--- START ---
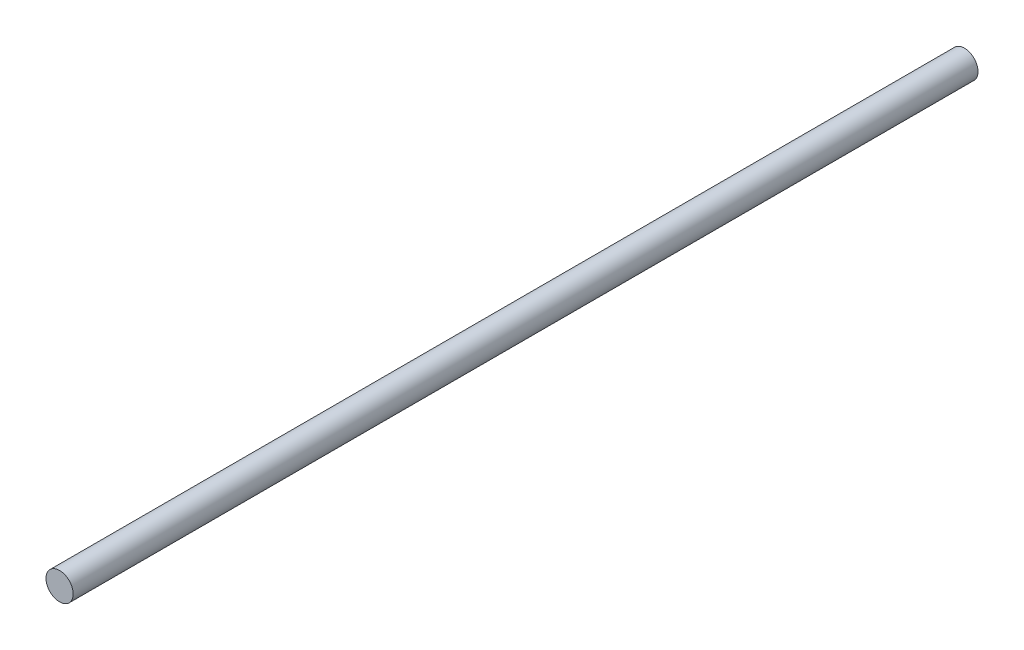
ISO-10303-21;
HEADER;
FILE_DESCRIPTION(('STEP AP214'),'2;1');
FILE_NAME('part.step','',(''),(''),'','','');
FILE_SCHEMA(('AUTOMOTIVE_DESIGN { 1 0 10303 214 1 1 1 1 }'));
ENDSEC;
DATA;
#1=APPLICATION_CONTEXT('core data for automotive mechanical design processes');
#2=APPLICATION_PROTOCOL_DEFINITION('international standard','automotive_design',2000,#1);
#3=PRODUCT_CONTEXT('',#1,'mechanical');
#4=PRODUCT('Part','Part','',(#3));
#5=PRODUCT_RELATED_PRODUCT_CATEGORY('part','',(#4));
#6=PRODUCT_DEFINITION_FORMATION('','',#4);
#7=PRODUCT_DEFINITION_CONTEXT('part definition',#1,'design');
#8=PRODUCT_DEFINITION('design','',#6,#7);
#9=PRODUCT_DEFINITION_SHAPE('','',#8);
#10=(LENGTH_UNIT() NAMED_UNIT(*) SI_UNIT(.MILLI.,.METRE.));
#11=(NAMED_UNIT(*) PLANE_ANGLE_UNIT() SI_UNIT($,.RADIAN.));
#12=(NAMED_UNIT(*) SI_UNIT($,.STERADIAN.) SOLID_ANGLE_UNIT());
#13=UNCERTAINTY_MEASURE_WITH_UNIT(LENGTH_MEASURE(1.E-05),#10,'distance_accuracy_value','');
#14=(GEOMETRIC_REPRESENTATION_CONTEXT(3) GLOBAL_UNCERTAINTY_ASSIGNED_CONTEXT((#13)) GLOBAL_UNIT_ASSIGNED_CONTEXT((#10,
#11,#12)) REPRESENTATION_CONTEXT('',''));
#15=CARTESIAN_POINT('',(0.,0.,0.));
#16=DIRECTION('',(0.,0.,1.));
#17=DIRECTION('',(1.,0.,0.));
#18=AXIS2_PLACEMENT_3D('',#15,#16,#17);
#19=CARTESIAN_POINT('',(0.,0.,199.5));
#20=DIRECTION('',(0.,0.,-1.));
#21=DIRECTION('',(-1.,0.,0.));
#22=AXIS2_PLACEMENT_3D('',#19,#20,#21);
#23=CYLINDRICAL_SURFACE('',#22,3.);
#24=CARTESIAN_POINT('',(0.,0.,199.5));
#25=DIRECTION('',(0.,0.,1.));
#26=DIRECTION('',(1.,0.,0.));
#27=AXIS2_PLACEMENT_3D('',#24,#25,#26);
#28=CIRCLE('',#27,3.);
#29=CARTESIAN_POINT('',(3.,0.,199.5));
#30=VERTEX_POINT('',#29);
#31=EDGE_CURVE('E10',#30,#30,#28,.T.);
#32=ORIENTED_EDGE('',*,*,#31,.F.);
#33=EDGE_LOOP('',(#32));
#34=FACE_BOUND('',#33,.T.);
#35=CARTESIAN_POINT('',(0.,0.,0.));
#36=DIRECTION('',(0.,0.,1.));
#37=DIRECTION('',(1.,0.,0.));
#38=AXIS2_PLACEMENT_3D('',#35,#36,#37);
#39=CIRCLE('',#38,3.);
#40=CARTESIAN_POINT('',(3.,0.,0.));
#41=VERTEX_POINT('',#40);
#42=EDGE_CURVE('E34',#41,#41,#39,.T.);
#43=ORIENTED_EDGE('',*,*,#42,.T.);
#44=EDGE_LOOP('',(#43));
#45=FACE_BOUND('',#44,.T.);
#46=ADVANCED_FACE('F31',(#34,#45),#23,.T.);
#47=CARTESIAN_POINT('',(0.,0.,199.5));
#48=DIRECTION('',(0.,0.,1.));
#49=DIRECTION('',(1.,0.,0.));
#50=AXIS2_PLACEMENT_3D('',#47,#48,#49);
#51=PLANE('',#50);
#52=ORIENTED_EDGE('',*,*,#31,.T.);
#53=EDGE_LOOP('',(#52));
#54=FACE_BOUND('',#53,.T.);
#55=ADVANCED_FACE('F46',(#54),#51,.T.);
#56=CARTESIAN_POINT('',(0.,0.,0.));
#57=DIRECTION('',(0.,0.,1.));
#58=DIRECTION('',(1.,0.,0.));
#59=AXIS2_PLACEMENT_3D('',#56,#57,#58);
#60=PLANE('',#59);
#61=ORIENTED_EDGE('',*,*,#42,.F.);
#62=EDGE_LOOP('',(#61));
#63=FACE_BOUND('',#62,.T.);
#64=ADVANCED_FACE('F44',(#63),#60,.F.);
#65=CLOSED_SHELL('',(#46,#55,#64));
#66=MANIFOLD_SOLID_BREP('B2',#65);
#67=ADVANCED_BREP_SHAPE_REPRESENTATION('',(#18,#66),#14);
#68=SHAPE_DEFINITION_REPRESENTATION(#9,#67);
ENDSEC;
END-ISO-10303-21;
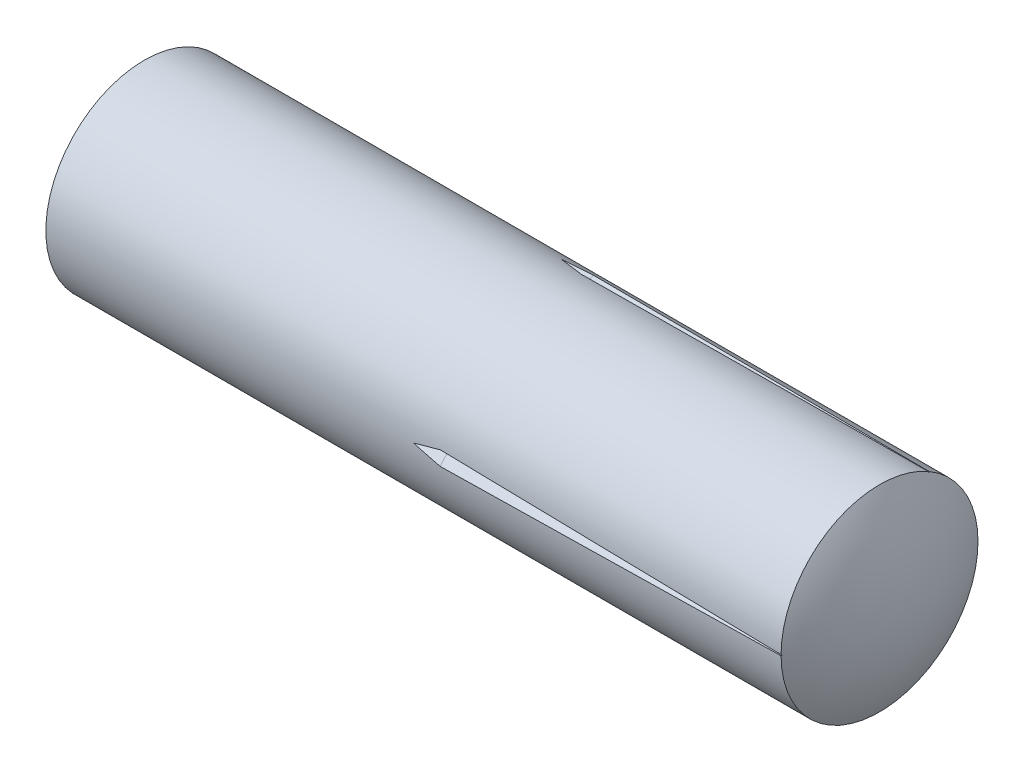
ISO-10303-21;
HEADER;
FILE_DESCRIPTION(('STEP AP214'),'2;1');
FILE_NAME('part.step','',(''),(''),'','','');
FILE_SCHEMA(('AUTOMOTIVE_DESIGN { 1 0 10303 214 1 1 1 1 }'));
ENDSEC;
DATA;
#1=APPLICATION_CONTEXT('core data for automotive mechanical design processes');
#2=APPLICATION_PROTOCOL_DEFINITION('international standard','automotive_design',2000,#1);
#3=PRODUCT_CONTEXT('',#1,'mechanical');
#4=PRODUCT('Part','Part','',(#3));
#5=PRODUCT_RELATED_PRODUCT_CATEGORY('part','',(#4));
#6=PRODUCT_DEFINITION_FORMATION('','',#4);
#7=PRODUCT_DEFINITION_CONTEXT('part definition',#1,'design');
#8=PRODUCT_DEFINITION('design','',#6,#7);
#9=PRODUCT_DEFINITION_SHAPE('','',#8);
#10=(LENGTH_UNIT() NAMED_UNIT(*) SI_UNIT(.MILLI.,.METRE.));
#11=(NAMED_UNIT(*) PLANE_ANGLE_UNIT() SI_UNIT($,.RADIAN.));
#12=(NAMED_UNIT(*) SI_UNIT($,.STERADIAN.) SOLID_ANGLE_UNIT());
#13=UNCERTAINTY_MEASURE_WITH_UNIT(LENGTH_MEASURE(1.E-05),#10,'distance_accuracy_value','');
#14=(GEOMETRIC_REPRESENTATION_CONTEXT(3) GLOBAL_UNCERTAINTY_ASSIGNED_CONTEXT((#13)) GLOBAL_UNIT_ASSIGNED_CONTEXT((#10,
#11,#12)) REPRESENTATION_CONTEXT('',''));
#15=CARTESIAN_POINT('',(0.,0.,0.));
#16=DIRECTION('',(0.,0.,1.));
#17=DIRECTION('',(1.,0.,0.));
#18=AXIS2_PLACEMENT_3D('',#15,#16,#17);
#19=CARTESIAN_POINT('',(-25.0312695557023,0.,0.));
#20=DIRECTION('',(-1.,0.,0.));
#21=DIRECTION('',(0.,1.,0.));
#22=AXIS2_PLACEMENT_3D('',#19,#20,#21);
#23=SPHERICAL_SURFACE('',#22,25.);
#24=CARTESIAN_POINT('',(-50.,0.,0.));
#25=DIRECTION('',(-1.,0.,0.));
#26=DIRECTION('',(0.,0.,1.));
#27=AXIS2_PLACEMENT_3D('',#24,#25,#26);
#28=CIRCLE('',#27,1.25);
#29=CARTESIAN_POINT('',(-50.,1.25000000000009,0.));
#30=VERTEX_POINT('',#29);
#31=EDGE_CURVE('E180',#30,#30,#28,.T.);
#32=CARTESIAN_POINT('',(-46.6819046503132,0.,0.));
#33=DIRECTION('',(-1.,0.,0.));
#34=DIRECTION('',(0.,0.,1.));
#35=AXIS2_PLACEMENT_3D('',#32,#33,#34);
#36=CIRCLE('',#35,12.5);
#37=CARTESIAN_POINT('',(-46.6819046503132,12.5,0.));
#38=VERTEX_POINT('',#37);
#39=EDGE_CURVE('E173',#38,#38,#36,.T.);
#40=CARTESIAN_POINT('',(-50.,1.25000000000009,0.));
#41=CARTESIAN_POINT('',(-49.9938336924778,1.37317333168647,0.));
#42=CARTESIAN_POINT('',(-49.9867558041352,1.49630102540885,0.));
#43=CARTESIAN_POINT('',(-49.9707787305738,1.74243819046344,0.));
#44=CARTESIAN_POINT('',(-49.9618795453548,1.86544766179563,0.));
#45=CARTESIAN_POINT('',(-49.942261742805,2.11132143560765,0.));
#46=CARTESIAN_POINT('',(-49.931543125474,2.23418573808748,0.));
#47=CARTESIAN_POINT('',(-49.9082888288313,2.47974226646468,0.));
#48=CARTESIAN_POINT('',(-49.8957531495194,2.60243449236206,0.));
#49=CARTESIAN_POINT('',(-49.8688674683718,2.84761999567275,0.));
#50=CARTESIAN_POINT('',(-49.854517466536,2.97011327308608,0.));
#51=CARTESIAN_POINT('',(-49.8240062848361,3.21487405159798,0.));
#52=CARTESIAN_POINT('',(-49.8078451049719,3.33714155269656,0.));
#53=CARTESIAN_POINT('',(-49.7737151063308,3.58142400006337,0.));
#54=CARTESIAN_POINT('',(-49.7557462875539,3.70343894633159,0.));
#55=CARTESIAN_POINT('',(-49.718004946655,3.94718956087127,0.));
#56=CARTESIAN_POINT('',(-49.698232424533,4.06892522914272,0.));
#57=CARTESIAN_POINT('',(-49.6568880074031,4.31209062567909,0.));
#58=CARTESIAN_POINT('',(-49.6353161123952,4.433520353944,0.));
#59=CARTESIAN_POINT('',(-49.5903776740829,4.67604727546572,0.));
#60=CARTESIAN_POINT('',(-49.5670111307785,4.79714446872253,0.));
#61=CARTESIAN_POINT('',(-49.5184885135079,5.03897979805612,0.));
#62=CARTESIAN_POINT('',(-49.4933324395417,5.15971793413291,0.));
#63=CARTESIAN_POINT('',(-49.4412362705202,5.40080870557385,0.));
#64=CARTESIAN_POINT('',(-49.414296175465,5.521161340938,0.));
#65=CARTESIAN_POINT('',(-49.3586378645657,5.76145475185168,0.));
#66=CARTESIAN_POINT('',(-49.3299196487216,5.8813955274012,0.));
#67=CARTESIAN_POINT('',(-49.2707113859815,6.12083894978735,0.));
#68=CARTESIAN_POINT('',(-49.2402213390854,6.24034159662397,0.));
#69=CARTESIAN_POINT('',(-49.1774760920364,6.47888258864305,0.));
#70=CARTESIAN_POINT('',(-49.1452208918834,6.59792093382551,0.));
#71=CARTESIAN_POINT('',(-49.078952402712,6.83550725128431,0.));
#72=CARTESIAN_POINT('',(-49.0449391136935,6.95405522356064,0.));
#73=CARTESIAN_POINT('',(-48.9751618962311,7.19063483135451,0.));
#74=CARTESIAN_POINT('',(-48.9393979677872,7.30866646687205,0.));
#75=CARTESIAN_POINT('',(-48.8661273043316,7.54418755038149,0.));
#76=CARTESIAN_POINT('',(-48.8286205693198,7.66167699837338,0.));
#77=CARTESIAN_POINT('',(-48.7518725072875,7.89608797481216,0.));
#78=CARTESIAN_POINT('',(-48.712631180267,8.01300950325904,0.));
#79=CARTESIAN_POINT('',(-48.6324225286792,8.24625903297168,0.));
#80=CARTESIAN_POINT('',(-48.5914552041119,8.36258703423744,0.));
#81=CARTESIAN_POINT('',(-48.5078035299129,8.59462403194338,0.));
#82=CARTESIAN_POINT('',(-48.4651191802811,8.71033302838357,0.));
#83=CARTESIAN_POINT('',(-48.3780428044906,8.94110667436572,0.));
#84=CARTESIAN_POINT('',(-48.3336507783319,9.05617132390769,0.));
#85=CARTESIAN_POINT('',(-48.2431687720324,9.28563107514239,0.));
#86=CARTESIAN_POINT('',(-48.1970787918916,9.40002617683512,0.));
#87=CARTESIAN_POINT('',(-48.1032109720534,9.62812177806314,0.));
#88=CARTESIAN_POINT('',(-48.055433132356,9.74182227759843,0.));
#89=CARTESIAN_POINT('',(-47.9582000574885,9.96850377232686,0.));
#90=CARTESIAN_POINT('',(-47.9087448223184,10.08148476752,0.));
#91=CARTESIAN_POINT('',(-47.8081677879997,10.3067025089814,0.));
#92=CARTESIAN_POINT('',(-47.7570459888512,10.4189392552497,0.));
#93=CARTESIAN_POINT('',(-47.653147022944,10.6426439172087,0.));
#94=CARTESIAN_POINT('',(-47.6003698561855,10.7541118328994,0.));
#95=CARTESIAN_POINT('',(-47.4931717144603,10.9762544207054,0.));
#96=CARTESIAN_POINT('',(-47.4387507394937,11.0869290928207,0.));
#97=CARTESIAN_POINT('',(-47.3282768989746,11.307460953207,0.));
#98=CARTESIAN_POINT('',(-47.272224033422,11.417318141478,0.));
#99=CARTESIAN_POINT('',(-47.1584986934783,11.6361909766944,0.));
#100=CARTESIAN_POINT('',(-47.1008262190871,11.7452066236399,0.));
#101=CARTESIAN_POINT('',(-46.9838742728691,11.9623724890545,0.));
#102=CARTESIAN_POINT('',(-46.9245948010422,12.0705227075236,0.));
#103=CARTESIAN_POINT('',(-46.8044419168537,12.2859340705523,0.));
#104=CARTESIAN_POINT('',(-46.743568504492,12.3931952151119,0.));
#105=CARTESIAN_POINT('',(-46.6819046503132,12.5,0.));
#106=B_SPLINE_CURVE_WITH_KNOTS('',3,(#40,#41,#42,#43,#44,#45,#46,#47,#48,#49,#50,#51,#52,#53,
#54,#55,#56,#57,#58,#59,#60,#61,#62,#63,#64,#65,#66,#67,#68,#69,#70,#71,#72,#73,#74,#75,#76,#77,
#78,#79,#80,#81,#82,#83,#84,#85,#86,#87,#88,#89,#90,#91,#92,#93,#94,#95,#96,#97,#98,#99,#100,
--- END ---
**Your objective:** Given the records above, reproduce precisely and only the lines between the line holding "#62=CARTESIAN_POINT('',(-49.4933324395417,5.15971793413291,0.));" and the line holding "#64=CARTESIAN_POINT('',(-49.414296175465,5.521161340938,0.));", inclusive.

**Reply to the task:**
#62=CARTESIAN_POINT('',(-49.4933324395417,5.15971793413291,0.));
#63=CARTESIAN_POINT('',(-49.4412362705202,5.40080870557385,0.));
#64=CARTESIAN_POINT('',(-49.414296175465,5.521161340938,0.));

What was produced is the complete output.